3. Stability Ball Bridge

The stability ball bridge strengthens your gluteal muscles. Since the ball is an unstable object, it requires deep core activation. As such, this exercise will work your butt and your deep abdominal muscles.

  1. Lie on your back with your calves draped over the ball.
  2. Begin with the pelvic tilt.
  3. Then squeeze your butt until you are in a bridge position.
  4. As you roll down, try to feel each vertebra touch the floor. Make sure that the lower back touches the floor before the pelvis.
  5. Perform 12 repetitions every day.

4. Stability Ball Crunch

Strengthening your abdominal muscles is essential for correcting spinal lordosis. Performing your crunches on a stability ball, as demonstrated by the American Council on Exercise, will make use of your deeper abdominal muscles.

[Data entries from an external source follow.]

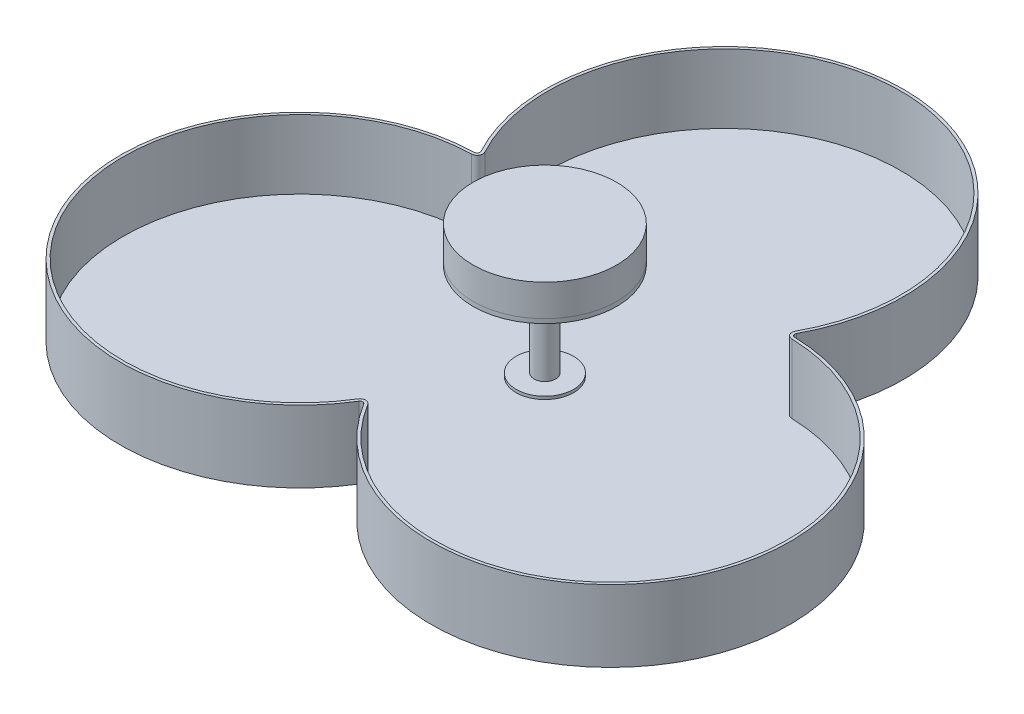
ISO-10303-21;
HEADER;
FILE_DESCRIPTION(('STEP AP214'),'2;1');
FILE_NAME('part.step','',(''),(''),'','','');
FILE_SCHEMA(('AUTOMOTIVE_DESIGN { 1 0 10303 214 1 1 1 1 }'));
ENDSEC;
DATA;
#1=APPLICATION_CONTEXT('core data for automotive mechanical design processes');
#2=APPLICATION_PROTOCOL_DEFINITION('international standard','automotive_design',2000,#1);
#3=PRODUCT_CONTEXT('',#1,'mechanical');
#4=PRODUCT('Part','Part','',(#3));
#5=PRODUCT_RELATED_PRODUCT_CATEGORY('part','',(#4));
#6=PRODUCT_DEFINITION_FORMATION('','',#4);
#7=PRODUCT_DEFINITION_CONTEXT('part definition',#1,'design');
#8=PRODUCT_DEFINITION('design','',#6,#7);
#9=PRODUCT_DEFINITION_SHAPE('','',#8);
#10=(LENGTH_UNIT() NAMED_UNIT(*) SI_UNIT(.MILLI.,.METRE.));
#11=(NAMED_UNIT(*) PLANE_ANGLE_UNIT() SI_UNIT($,.RADIAN.));
#12=(NAMED_UNIT(*) SI_UNIT($,.STERADIAN.) SOLID_ANGLE_UNIT());
#13=UNCERTAINTY_MEASURE_WITH_UNIT(LENGTH_MEASURE(1.E-05),#10,'distance_accuracy_value','');
#14=(GEOMETRIC_REPRESENTATION_CONTEXT(3) GLOBAL_UNCERTAINTY_ASSIGNED_CONTEXT((#13)) GLOBAL_UNIT_ASSIGNED_CONTEXT((#10,
#11,#12)) REPRESENTATION_CONTEXT('',''));
#15=CARTESIAN_POINT('',(0.,0.,0.));
#16=DIRECTION('',(0.,0.,1.));
#17=DIRECTION('',(1.,0.,0.));
#18=AXIS2_PLACEMENT_3D('',#15,#16,#17);
#19=CARTESIAN_POINT('',(0.,135.,0.));
#20=DIRECTION('',(0.,-1.,0.));
#21=DIRECTION('',(0.,0.,-1.));
#22=AXIS2_PLACEMENT_3D('',#19,#20,#21);
#23=CYLINDRICAL_SURFACE('',#22,50.);
#24=CARTESIAN_POINT('',(0.,135.,0.));
#25=DIRECTION('',(0.,1.,0.));
#26=DIRECTION('',(0.,0.,1.));
#27=AXIS2_PLACEMENT_3D('',#24,#25,#26);
#28=CIRCLE('',#27,50.);
#29=CARTESIAN_POINT('',(0.,135.,50.));
#30=VERTEX_POINT('',#29);
#31=EDGE_CURVE('E11',#30,#30,#28,.T.);
#32=ORIENTED_EDGE('',*,*,#31,.F.);
#33=EDGE_LOOP('',(#32));
#34=FACE_BOUND('',#33,.T.);
#35=CARTESIAN_POINT('',(0.,113.,0.));
#36=DIRECTION('',(0.,1.,0.));
#37=DIRECTION('',(0.,0.,1.));
#38=AXIS2_PLACEMENT_3D('',#35,#36,#37);
#39=CIRCLE('',#38,50.);
#40=CARTESIAN_POINT('',(0.,113.,50.));
#41=VERTEX_POINT('',#40);
#42=EDGE_CURVE('E42',#41,#41,#39,.T.);
#43=ORIENTED_EDGE('',*,*,#42,.T.);
#44=EDGE_LOOP('',(#43));
#45=FACE_BOUND('',#44,.T.);
#46=ADVANCED_FACE('F39',(#34,#45),#23,.T.);
#47=CARTESIAN_POINT('',(0.,135.,0.));
#48=DIRECTION('',(0.,1.,0.));
#49=DIRECTION('',(0.,0.,1.));
#50=AXIS2_PLACEMENT_3D('',#47,#48,#49);
#51=PLANE('',#50);
#52=ORIENTED_EDGE('',*,*,#31,.T.);
#53=EDGE_LOOP('',(#52));
#54=FACE_BOUND('',#53,.T.);
#55=ADVANCED_FACE('F54',(#54),#51,.T.);
#56=CARTESIAN_POINT('',(0.,113.,0.));
#57=DIRECTION('',(0.,1.,0.));
#58=DIRECTION('',(0.,0.,1.));
#59=AXIS2_PLACEMENT_3D('',#56,#57,#58);
#60=PLANE('',#59);
#61=ORIENTED_EDGE('',*,*,#42,.F.);
#62=EDGE_LOOP('',(#61));
#63=FACE_BOUND('',#62,.T.);
#64=ADVANCED_FACE('F52',(#63),#60,.F.);
#65=CLOSED_SHELL('',(#46,#55,#64));
#66=MANIFOLD_SOLID_BREP('B2',#65);
#67=CARTESIAN_POINT('',(0.,113.,0.));
#68=DIRECTION('',(0.,-1.,0.));
#69=DIRECTION('',(0.,0.,-1.));
#70=AXIS2_PLACEMENT_3D('',#67,#68,#69);
#71=CYLINDRICAL_SURFACE('',#70,50.);
#72=CARTESIAN_POINT('',(0.,113.,0.));
#73=DIRECTION('',(0.,1.,0.));
#74=DIRECTION('',(0.,0.,1.));
#75=AXIS2_PLACEMENT_3D('',#72,#73,#74);
#76=CIRCLE('',#75,50.);
#77=CARTESIAN_POINT('',(0.,113.,50.));
#78=VERTEX_POINT('',#77);
#79=EDGE_CURVE('E38',#78,#78,#76,.T.);
#80=ORIENTED_EDGE('',*,*,#79,.F.);
#81=EDGE_LOOP('',(#80));
#82=FACE_BOUND('',#81,.T.);
#83=CARTESIAN_POINT('',(0.,110.,0.));
#84=DIRECTION('',(0.,1.,0.));
#85=DIRECTION('',(0.,0.,1.));
#86=AXIS2_PLACEMENT_3D('',#83,#84,#85);
#87=CIRCLE('',#86,50.);
#88=CARTESIAN_POINT('',(0.,110.,50.));
#89=VERTEX_POINT('',#88);
#90=EDGE_CURVE('E90',#89,#89,#87,.T.);
#91=ORIENTED_EDGE('',*,*,#90,.T.);
#92=EDGE_LOOP('',(#91));
#93=FACE_BOUND('',#92,.T.);
#94=ADVANCED_FACE('F87',(#82,#93),#71,.T.);
#95=CARTESIAN_POINT('',(0.,113.,0.));
#96=DIRECTION('',(0.,1.,0.));
#97=DIRECTION('',(0.,0.,1.));
#98=AXIS2_PLACEMENT_3D('',#95,#96,#97);
#99=PLANE('',#98);
#100=ORIENTED_EDGE('',*,*,#79,.T.);
#101=EDGE_LOOP('',(#100));
#102=FACE_BOUND('',#101,.T.);
#103=ADVANCED_FACE('F102',(#102),#99,.T.);
#104=CARTESIAN_POINT('',(0.,110.,0.));
#105=DIRECTION('',(0.,1.,0.));
#106=DIRECTION('',(0.,0.,1.));
#107=AXIS2_PLACEMENT_3D('',#104,#105,#106);
#108=PLANE('',#107);
#109=ORIENTED_EDGE('',*,*,#90,.F.);
#110=EDGE_LOOP('',(#109));
#111=FACE_BOUND('',#110,.T.);
#112=ADVANCED_FACE('F100',(#111),#108,.F.);
#113=CLOSED_SHELL('',(#94,#103,#112));
#114=MANIFOLD_SOLID_BREP('B6',#113);
#115=CARTESIAN_POINT('',(0.,45.,0.));
#116=DIRECTION('',(0.,1.,0.));
#117=DIRECTION('',(0.,0.,1.));
#118=AXIS2_PLACEMENT_3D('',#115,#116,#117);
#119=PLANE('',#118);
#120=CARTESIAN_POINT('',(0.,45.,0.));
#121=DIRECTION('',(0.,1.,0.));
#122=DIRECTION('',(0.,0.,1.));
#123=AXIS2_PLACEMENT_3D('',#120,#121,#122);
#124=CIRCLE('',#123,20.);
#125=CARTESIAN_POINT('',(0.,45.,20.));
#126=VERTEX_POINT('',#125);
#127=EDGE_CURVE('E86',#126,#126,#124,.T.);
#128=ORIENTED_EDGE('',*,*,#127,.T.);
#129=EDGE_LOOP('',(#128));
#130=FACE_BOUND('',#129,.T.);
#131=CARTESIAN_POINT('',(0.,45.,0.));
#132=DIRECTION('',(0.,1.,0.));
#133=DIRECTION('',(0.,0.,1.));
#134=AXIS2_PLACEMENT_3D('',#131,#132,#133);
#135=CIRCLE('',#134,7.5);
#136=CARTESIAN_POINT('',(0.,45.,7.5));
#137=VERTEX_POINT('',#136);
#138=EDGE_CURVE('E148',#137,#137,#135,.T.);
#139=ORIENTED_EDGE('',*,*,#138,.F.);
#140=EDGE_LOOP('',(#139));
#141=FACE_BOUND('',#140,.T.);
#142=ADVANCED_FACE('F137',(#130,#141),#119,.T.);
#143=CARTESIAN_POINT('',(0.,43.,0.));
#144=DIRECTION('',(0.,1.,0.));
#145=DIRECTION('',(0.,0.,1.));
#146=AXIS2_PLACEMENT_3D('',#143,#144,#145);
#147=PLANE('',#146);
#148=CARTESIAN_POINT('',(0.,43.,0.));
#149=DIRECTION('',(0.,1.,0.));
#150=DIRECTION('',(0.,0.,1.));
#151=AXIS2_PLACEMENT_3D('',#148,#149,#150);
#152=CIRCLE('',#151,20.);
#153=CARTESIAN_POINT('',(0.,43.,20.));
#154=VERTEX_POINT('',#153);
#155=EDGE_CURVE('E141',#154,#154,#152,.T.);
#156=ORIENTED_EDGE('',*,*,#155,.F.);
#157=EDGE_LOOP('',(#156));
#158=FACE_BOUND('',#157,.T.);
#159=CARTESIAN_POINT('',(0.,43.,0.));
#160=DIRECTION('',(0.,1.,0.));
#161=DIRECTION('',(0.,0.,1.));
#162=AXIS2_PLACEMENT_3D('',#159,#160,#161);
#163=CIRCLE('',#162,7.5);
#164=CARTESIAN_POINT('',(0.,43.,7.5));
#165=VERTEX_POINT('',#164);
#166=EDGE_CURVE('E150',#165,#165,#163,.T.);
#167=ORIENTED_EDGE('',*,*,#166,.T.);
#168=EDGE_LOOP('',(#167));
#169=FACE_BOUND('',#168,.T.);
#170=ADVANCED_FACE('F160',(#158,#169),#147,.F.);
#171=CARTESIAN_POINT('',(0.,45.,0.));
#172=DIRECTION('',(0.,-1.,0.));
#173=DIRECTION('',(0.,0.,-1.));
#174=AXIS2_PLACEMENT_3D('',#171,#172,#173);
#175=CYLINDRICAL_SURFACE('',#174,20.);
#176=ORIENTED_EDGE('',*,*,#127,.F.);
#177=EDGE_LOOP('',(#176));
#178=FACE_BOUND('',#177,.T.);
#179=ORIENTED_EDGE('',*,*,#155,.T.);
#180=EDGE_LOOP('',(#179));
#181=FACE_BOUND('',#180,.T.);
#182=ADVANCED_FACE('F139',(#178,#181),#175,.T.);
#183=CARTESIAN_POINT('',(0.,45.,0.));
#184=DIRECTION('',(0.,-1.,0.));
#185=DIRECTION('',(0.,0.,-1.));
#186=AXIS2_PLACEMENT_3D('',#183,#184,#185);
#187=CYLINDRICAL_SURFACE('',#186,7.5);
#188=ORIENTED_EDGE('',*,*,#138,.T.);
#189=EDGE_LOOP('',(#188));
#190=FACE_BOUND('',#189,.T.);
#191=ORIENTED_EDGE('',*,*,#166,.F.);
#192=EDGE_LOOP('',(#191));
#193=FACE_BOUND('',#192,.T.);
#194=ADVANCED_FACE('F156',(#190,#193),#187,.F.);
#195=CLOSED_SHELL('',(#142,#170,#182,#194));
#196=MANIFOLD_SOLID_BREP('B33',#195);
#197=CARTESIAN_POINT('',(54.1265877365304,91.,-31.2500000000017));
#198=DIRECTION('',(0.,1.,0.));
#199=DIRECTION('',(0.,0.,1.));
#200=AXIS2_PLACEMENT_3D('',#197,#198,#199);
#201=PLANE('',#200);
#202=CARTESIAN_POINT('',(-108.253175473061,91.,62.5000000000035));
#203=DIRECTION('',(0.,1.,0.));
#204=DIRECTION('',(0.,0.,1.));
#205=AXIS2_PLACEMENT_3D('',#202,#203,#204);
#206=CIRCLE('',#205,125.000000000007);
#207=CARTESIAN_POINT('',(-111.585764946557,91.,-62.4555674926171));
#208=VERTEX_POINT('',#207);
#209=CARTESIAN_POINT('',(-1.70477441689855,91.,127.863890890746));
#210=VERTEX_POINT('',#209);
#211=EDGE_CURVE('E351',#208,#210,#206,.T.);
#212=ORIENTED_EDGE('',*,*,#211,.T.);
#213=CARTESIAN_POINT('',(0.,91.,128.909713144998));
#214=DIRECTION('',(0.,1.,0.));
#215=DIRECTION('',(0.,0.,1.));
#216=AXIS2_PLACEMENT_3D('',#213,#214,#215);
#217=CIRCLE('',#216,2.);
#218=CARTESIAN_POINT('',(1.70477441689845,91.,127.863890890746));
#219=VERTEX_POINT('',#218);
#220=EDGE_CURVE('E376',#210,#219,#217,.F.);
#221=ORIENTED_EDGE('',*,*,#220,.T.);
#222=CARTESIAN_POINT('',(108.253175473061,91.,62.5000000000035));
#223=DIRECTION('',(0.,1.,0.));
#224=DIRECTION('',(0.,0.,1.));
#225=AXIS2_PLACEMENT_3D('',#222,#223,#224);
#226=CIRCLE('',#225,125.000000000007);
#227=CARTESIAN_POINT('',(111.585764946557,91.,-62.4555674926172));
#228=VERTEX_POINT('',#227);
#229=EDGE_CURVE('E345',#219,#228,#226,.T.);
#230=ORIENTED_EDGE('',*,*,#229,.T.);
#231=CARTESIAN_POINT('',(111.639086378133,91.,-64.454856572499));
#232=DIRECTION('',(0.,1.,0.));
#233=DIRECTION('',(0.,0.,1.));
#234=AXIS2_PLACEMENT_3D('',#231,#232,#233);
#235=CIRCLE('',#234,2.);
#236=CARTESIAN_POINT('',(109.880990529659,91.,-65.408323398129));
#237=VERTEX_POINT('',#236);
#238=EDGE_CURVE('E380',#228,#237,#235,.F.);
#239=ORIENTED_EDGE('',*,*,#238,.T.);
#240=CARTESIAN_POINT('',(0.,91.,-125.000000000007));
#241=DIRECTION('',(0.,1.,0.));
#242=DIRECTION('',(0.,0.,1.));
#243=AXIS2_PLACEMENT_3D('',#240,#241,#242);
#244=CIRCLE('',#243,125.000000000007);
#245=CARTESIAN_POINT('',(-109.880990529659,91.,-65.408323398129));
#246=VERTEX_POINT('',#245);
#247=EDGE_CURVE('E348',#237,#246,#244,.T.);
#248=ORIENTED_EDGE('',*,*,#247,.T.);
#249=CARTESIAN_POINT('',(-111.639086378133,91.,-64.4548565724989));
#250=DIRECTION('',(0.,1.,0.));
#251=DIRECTION('',(0.,0.,1.));
#252=AXIS2_PLACEMENT_3D('',#249,#250,#251);
#253=CIRCLE('',#252,2.);
#254=EDGE_CURVE('E135',#246,#208,#253,.F.);
#255=ORIENTED_EDGE('',*,*,#254,.T.);
#256=EDGE_LOOP('',(#212,#221,#230,#239,#248,#255));
#257=FACE_BOUND('',#256,.T.);
#258=CARTESIAN_POINT('',(-108.253175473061,91.,62.5000000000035));
#259=DIRECTION('',(0.,1.,0.));
#260=DIRECTION('',(0.,0.,1.));
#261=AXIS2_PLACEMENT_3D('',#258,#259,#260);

  1. Position yourself on the ball so that your butt, lower back and mid-back are against the ball's surface.
  2. Rest your fingers at the edge of your head.
  3. Inhale to prepare.
  4. As you exhale, curl your upper torso so that your rib cage moves toward your pelvis.
  5. Perform 20 repetitions daily.

Read more: Flat Back Exercises

5. Knees to Chest Stretch and Heel Slide

Perform the knees to chest stretch and heel slide to increase both flexibility and strength.

  1. Lie on your back with your knees bent.
  2. Lift both legs from the floor and draw your knees to your chest.
  3. Hold the stretch for 30 seconds.
  4. Then lower one heel to the floor. Keep the opposite knee close to your chest.
  5. Slide the other heel along the floor until the leg is straight. Keep your back flat on the floor the entire time.
  6. Perform eight repetitions on each leg.